The three-story monumental granite building is 234 feet (71 m) long and 179 feet (55 m) deep. It includes a basement, sub-basement and attic level, with 16-foot (4.9 m) ceilings at the basement levels and 10-foot (3.0 m) thick foundation walls, which are surrounded by a 25-foot (7.6 m) deep dry moat for light and ventilation. The basement connects to a tunnel under 8th Street that was used for the delivery of mail to the post office. The basement material is red Missouri granite, while the upper floors are gray granite from Hurricane Island, Maine, between 3 feet (0.91 m) and 4 feet (1.2 m) in thickness. The building surrounds a skylit inner courtyard, 48 feet (15 m) by 55 feet (17 m).

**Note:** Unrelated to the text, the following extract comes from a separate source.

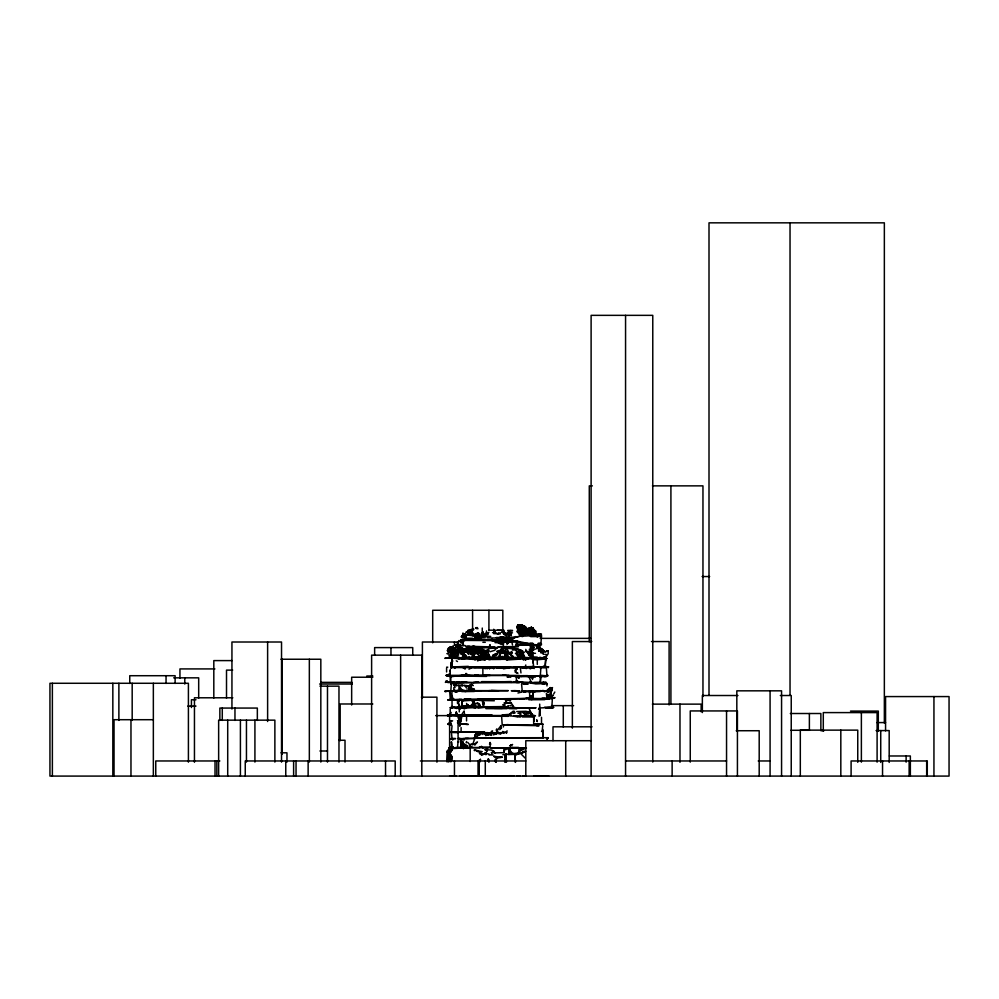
<?xml version="1.0" encoding="UTF-8"?>
<svg xmlns="http://www.w3.org/2000/svg" width="999" height="999" viewBox="0 0 999 999"><rect width="100%" height="100%" fill="white"/><g stroke="black" fill="none" stroke-linecap="round" stroke-linejoin="round"><path stroke-width="1.5" d="M450.324 761.425L450.824 754.732M505.244 762.187L505.844 754.183L505.844 761.325M462.312 747.19L457.48 747.302L458.079 741.782M546.965 683.94C545.304 682.192 533.828 685.052 529.433 682.467L540.309 682.529L540.921 677.834M504.645 761.837L505.844 753.671L508.266 754.57L516.733 754.32L525.199 751.348L522.777 752.297M461.101 747.215L461.713 743.094L462.924 741.882L461.713 743.094L461.101 747.215L461.101 739.66L459.29 739.223L461.713 739.547M501.61 651.872L503.434 650.561L503.434 641.87L502.822 641.108L496.778 640.634L497.989 640.009M470.179 761.538L470.179 746.728M480.057 761.837L480.457 759.365L479.245 760.064L479.845 760.601L480.457 759.365M539.71 704.12L539.71 709.203L538.498 709.24M462.112 701.798L461.713 706.892L466.545 707.092M448.613 761.638L449.612 752.946L449.013 748.638L450.824 747.814L449.612 747.502L448.414 761.738M497.989 651.985L501.011 651.723L499.8 652.26L501.011 651.073L501.61 647.839L501.011 651.885L497.989 652.784L497.989 651.123L499.2 650.424L502.222 650.911L502.222 648.913M451.024 761.675L451.436 759.527M519.755 698.763L532.455 698.313L533.054 691.77L540.309 691.558M476.423 649.75L476.823 647.677L478.034 650.099L481.668 649.687M482.867 704.033L483.479 706.743L484.078 703.646L482.867 700.174L478.034 699.924M471.378 684.115L473.201 685.626L471.378 684.989L470.779 688.086L468.356 688.498M466.146 742.931L466.545 741.483M525.799 651.323L528.821 652.959L527.622 652.222L528.221 651.648L528.821 652.959L527.622 652.996L530.644 656.793L531.843 656.618L532.455 653.558M516.733 643.056L516.133 645.903L516.133 644.093M460.502 721.765L461.713 717.432L461.101 716.083L458.079 716.021L458.079 717.806L460.502 721.503L460.502 723.738L468.356 724.412L465.946 724.437M462.312 703.945L461.713 706.618L462.312 700.087L452.035 700.124L452.035 706.705M460.502 721.503L461.101 718.955L459.29 720.891L457.48 720.629L460.502 721.503L459.29 720.891M469.567 631.98L470.179 634.815L471.378 632.255M535.476 632.292L535.476 630.993L534.265 630.369L535.476 632.067L534.877 633.99L536.076 634.14L534.877 633.503L534.877 630.456L534.265 630.844L535.476 630.993L534.877 634.015L535.476 633.766L534.265 630.556L535.476 630.993L535.476 634.153L534.265 633.978M473.801 647.814L471.378 650.374L473.801 647.814L475.611 649.85L473.801 647.814L472.589 653.284L470.779 652.335L470.779 648.051M542.732 650.386L541.52 651.186L542.132 648.701M507.055 730.769L506.456 733.229L506.456 732.23L503.434 732.704L502.822 731.418M507.055 644.43L510.077 640.571L505.844 640.022L504.033 637.861L505.244 637.799L505.844 639.223L503.434 637.399L502.822 639.785L500.412 639.872L502.222 639.16L507.667 640.671L507.055 641.208L499.8 640.696M547.564 691.77L548.176 689.385L549.388 691.108L548.176 689.385L546.965 690.421M457.48 653.733L457.48 657.105L457.48 652.859L455.669 651.61L455.669 652.959L456.268 651.71M532.455 694.954L533.054 697.976L531.243 698.376L530.644 696.016L531.843 696.028L531.243 698.376L464.123 699.238M464.735 707.117L465.334 706.118L466.545 706.618L465.946 705.868L464.735 707.117L461.713 706.892L462.312 704.607M450.824 761.575L450.824 755.119L450.824 759.215L452.035 756.68L451.436 755.906L452.035 760.052M519.755 634.977L520.966 634.715L521.565 630.918L522.777 631.093L523.389 632.342L522.177 633.965L519.755 634.977L519.155 634.015L520.354 634.865L520.966 633.953M447.202 752.222L447.802 750.024L447.202 761.538L447.202 750.848M468.356 646.291L489.522 646.84L490.122 644.667L489.522 645.716M523.389 654.657L521.565 650.724L520.354 650.986L521.565 650.374L521.565 656.98L519.755 656.468L519.755 650.149L517.944 652.022L517.944 656.081L516.733 654.645L519.155 649.85M530.644 651.36L531.243 649.225L533.666 650.474L531.843 649.35L533.054 648.326L533.054 645.067L541.52 644.717L533.666 644.917L534.877 645.454M481.668 654.12L481.056 656.231L482.267 655.082L478.034 650.861L475.012 654.133M466.545 703.421L467.157 704.944L465.946 706.768L471.378 706.443L472.589 703.371L473.801 706.917L502.222 706.605L504.645 706.031L502.822 704.67L505.244 704.919M459.902 720.129L461.101 719.53L461.101 716.096L508.266 716.308L502.222 714.772M466.545 747.489L457.48 748.126L489.522 747.152L490.734 744.13L490.122 742.457L489.522 744.218L490.122 743.256M533.054 631.168L534.265 630.019L533.054 628.259L531.843 630.694L531.843 629.045L530.644 628.096M528.221 632.904L528.821 630.844L525.799 631.181L524.587 629.532L525.799 629.295L526.411 630.906L523.988 632.292L523.389 634.015L524.587 634.715L523.389 633.841L522.777 634.977M466.545 706.618L467.157 704.582L467.757 706.018L470.179 706.518M455.669 714.085L457.48 714.984L455.669 714.085L456.268 712.05L457.48 714.984L491.945 714.797L450.224 714.847L450.824 712.225L450.224 714.897L451.436 714.872M472.589 636.101L482.267 636.588L485.901 635.864L486.501 633.828L483.479 635.614L482.267 633.091L482.867 631.605M535.476 632.804L534.877 630.993L529.433 630.656L530.644 628.658L530.032 629.407M460.502 647.889L458.691 649.125L461.101 649.038L460.502 651.061L458.079 647.839M508.878 750.024L508.878 753.883L510.689 751.835L510.077 749.225L508.266 748.251L479.245 747.339L481.668 746.378L480.457 747.04M539.098 651.348L539.71 649.35M471.378 646.815L469.567 649.437L469.567 651.061L468.356 650.998L469.567 647.639L470.779 647.402M542.732 729.345L543.331 737.737L476.823 737.936L475.012 737.774L475.012 734.615L475.611 735.838L472.589 744.892M525.799 664.972L525.199 666.895L469.567 666.945M530.644 655.032L531.243 651.76L528.821 653.808L530.644 655.669M461.101 649.175L460.502 651.061L461.101 649.038M551.198 691.258L552.41 687.649L549.388 688.711L549.388 691.308M454.458 648.801L453.846 648.064L453.246 649L452.035 648.588L453.246 646.528M519.755 630.844L519.755 629.532L517.332 628.596L517.944 625.199L519.155 626.76M523.389 625.874L522.777 627.659L525.799 627.272L523.988 627.285L523.988 625.736L522.777 627.085L521.565 625.262L519.155 625.087L519.155 626.86L520.354 626.947M447.003 761.875L447.802 759.502M462.924 643.893L464.123 638.898L461.713 639.61L464.123 639.785M524.587 628.246L523.988 632.292L525.199 632.292L525.799 631.181L528.821 634.377L525.199 634.452L525.799 632.866L527.622 632.392L526.411 628.633L525.799 629.957L525.199 628.87L525.799 626.972M539.098 648.064L540.309 647.252L539.71 649.013L540.309 648.788L538.498 647.464M524.587 658.091L473.201 658.154L474.413 648.051M475.611 738.186L462.924 738.448L463.524 739.16L461.713 739.735L464.123 738.698L475.012 738.586L474.413 738.024L475.611 735.838M473.201 649.05L473.801 647.327L475.611 647.252M519.155 675.449L465.946 675.312L466.545 673.601L465.946 675.312L450.824 675.336M450.025 649L450.824 646.803L447.802 648.688L447.802 649.937M507.667 632.33L508.878 631.493L508.266 633.453L511.288 634.003L511.288 635.789M488.311 634.028L486.501 633.204L487.1 634.365L488.923 632.205M523.389 627.472L521.565 625.124L519.155 625.087L520.354 626.361L520.354 629.008L523.389 629.233L523.389 634.015L524.587 633.466L524.587 630.819L522.177 625.099L522.777 627.659L525.199 627.597L525.799 629.295L524.587 632.18M450.824 750.436L450.824 752.047L449.013 751.423L449.013 749.05L450.224 749L450.824 750.436L449.013 756.805L450.224 754.195M453.246 651.173L456.268 651.073L454.458 650.611L458.079 649.45L456.868 647.077L458.691 644.73M456.868 645.916L457.48 644.355L456.868 645.641M502.222 644.005L502.222 642.145L502.222 644.005L505.244 641.296L510.077 640.571L508.878 638.773L507.055 639.909L506.456 637.524L505.244 639.173L507.667 638.723L504.645 639.11M542.132 651.123L542.732 649.575L543.331 651.435L542.132 650.012L538.498 649.7L538.498 647.302M530.032 653.346L529.433 654.882L527.622 652.996L528.821 653.808L530.032 653.196L529.433 652.472L528.221 652.934L530.032 653.87M469.567 656.892L465.946 657.579L462.924 656.168L462.924 654.32L462.924 656.193L465.334 656.755L465.334 655.244M451.436 758.191L451.436 756.48M450.824 723.963L452.035 725.973L451.436 732.055L453.846 732.042L450.824 731.917L476.823 732.005L479.245 733.403L477.435 732.717L476.823 734.19L478.034 735.614L481.056 734.203M455.057 645.317L456.268 645.878L456.868 645.292L455.057 645.317L456.868 645.192L457.48 646.74L455.669 646.59L455.057 648.064L456.268 647.364M452.634 655.119L454.458 655.169L455.057 652.659L455.669 654.008L456.268 653.346L454.458 651.61L452.035 651.648L452.634 652.896L452.035 651.798M531.243 628.059L532.455 628.533L531.843 630.057L534.877 630.993L534.265 631.905M533.054 632.604L532.455 634.04L533.054 627.959L532.455 628.858L533.054 628.259L531.243 628.408L531.243 626.997M516.733 676.36L519.155 678.246L516.133 676.548L528.821 676.485L532.455 678.171L533.054 676.76L535.476 676.96M494.355 733.254L501.011 733.766L494.967 732.579L494.355 733.254L496.778 733.229L497.39 730.381L501.011 725.586L501.011 727.946M467.757 631.368L468.356 630.918L469.567 633.99L470.179 632.592M548.776 689.785L547.564 692.557L548.776 691.745M485.901 754.782L486.501 753.433L489.522 754.357L488.923 754.844L493.156 755.032M454.458 655.069L454.458 651.61M460.502 720.229L460.502 716.183M508.878 753.358L509.478 749.125L510.689 753.733L510.689 751.835L514.31 754.12L520.966 753.696L523.988 751.822M521.565 651.36L521.565 653.483L522.777 652.659M530.644 636.625L540.921 636.5L541.52 635.876L537.287 635.264L541.52 634.153L539.71 634.028M520.966 653.833L522.177 652.172M485.289 653.92L485.901 652.622L486.501 655.419L485.289 653.92L486.501 654.258L485.901 654.707M533.054 631.98L534.265 632.055L535.476 634.153L535.476 631.78M450.824 684.053L451.436 682.767L450.224 682.567M453.246 652.921L452.035 652.484L453.246 651.373L452.035 651.036L452.634 651.785M519.155 711.812L523.389 711.937L523.389 713.411L528.221 713.736L529.433 712.2L525.799 711.313L516.733 711.55M539.71 635.938L535.476 635.227L536.076 633.978L540.309 633.953L539.098 633.841L539.71 635.264L541.52 635.876L540.921 643.381L537.899 643.456L541.52 643.893L539.71 643.518L540.921 643.381M456.868 647.739L457.48 646.49L458.691 646.828L457.48 645.666L458.691 645.404L458.691 647.614L457.48 645.666L456.868 647.077L457.48 646.74M464.123 745.429L462.312 742.781L465.946 745.916L465.946 747.464L467.757 745.554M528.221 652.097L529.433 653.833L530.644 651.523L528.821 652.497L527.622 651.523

High ceilings predominate in the main structure, with first floor ceilings at 26 feet (7.9 m) and second and third floors at 22 feet (6.7 m). Interior structure is a mixture of wrought and cast iron, supporting arched brick floors in a system that was referred to at the time of construction as "fireproof." The building's windows were provided with fireproof shutters.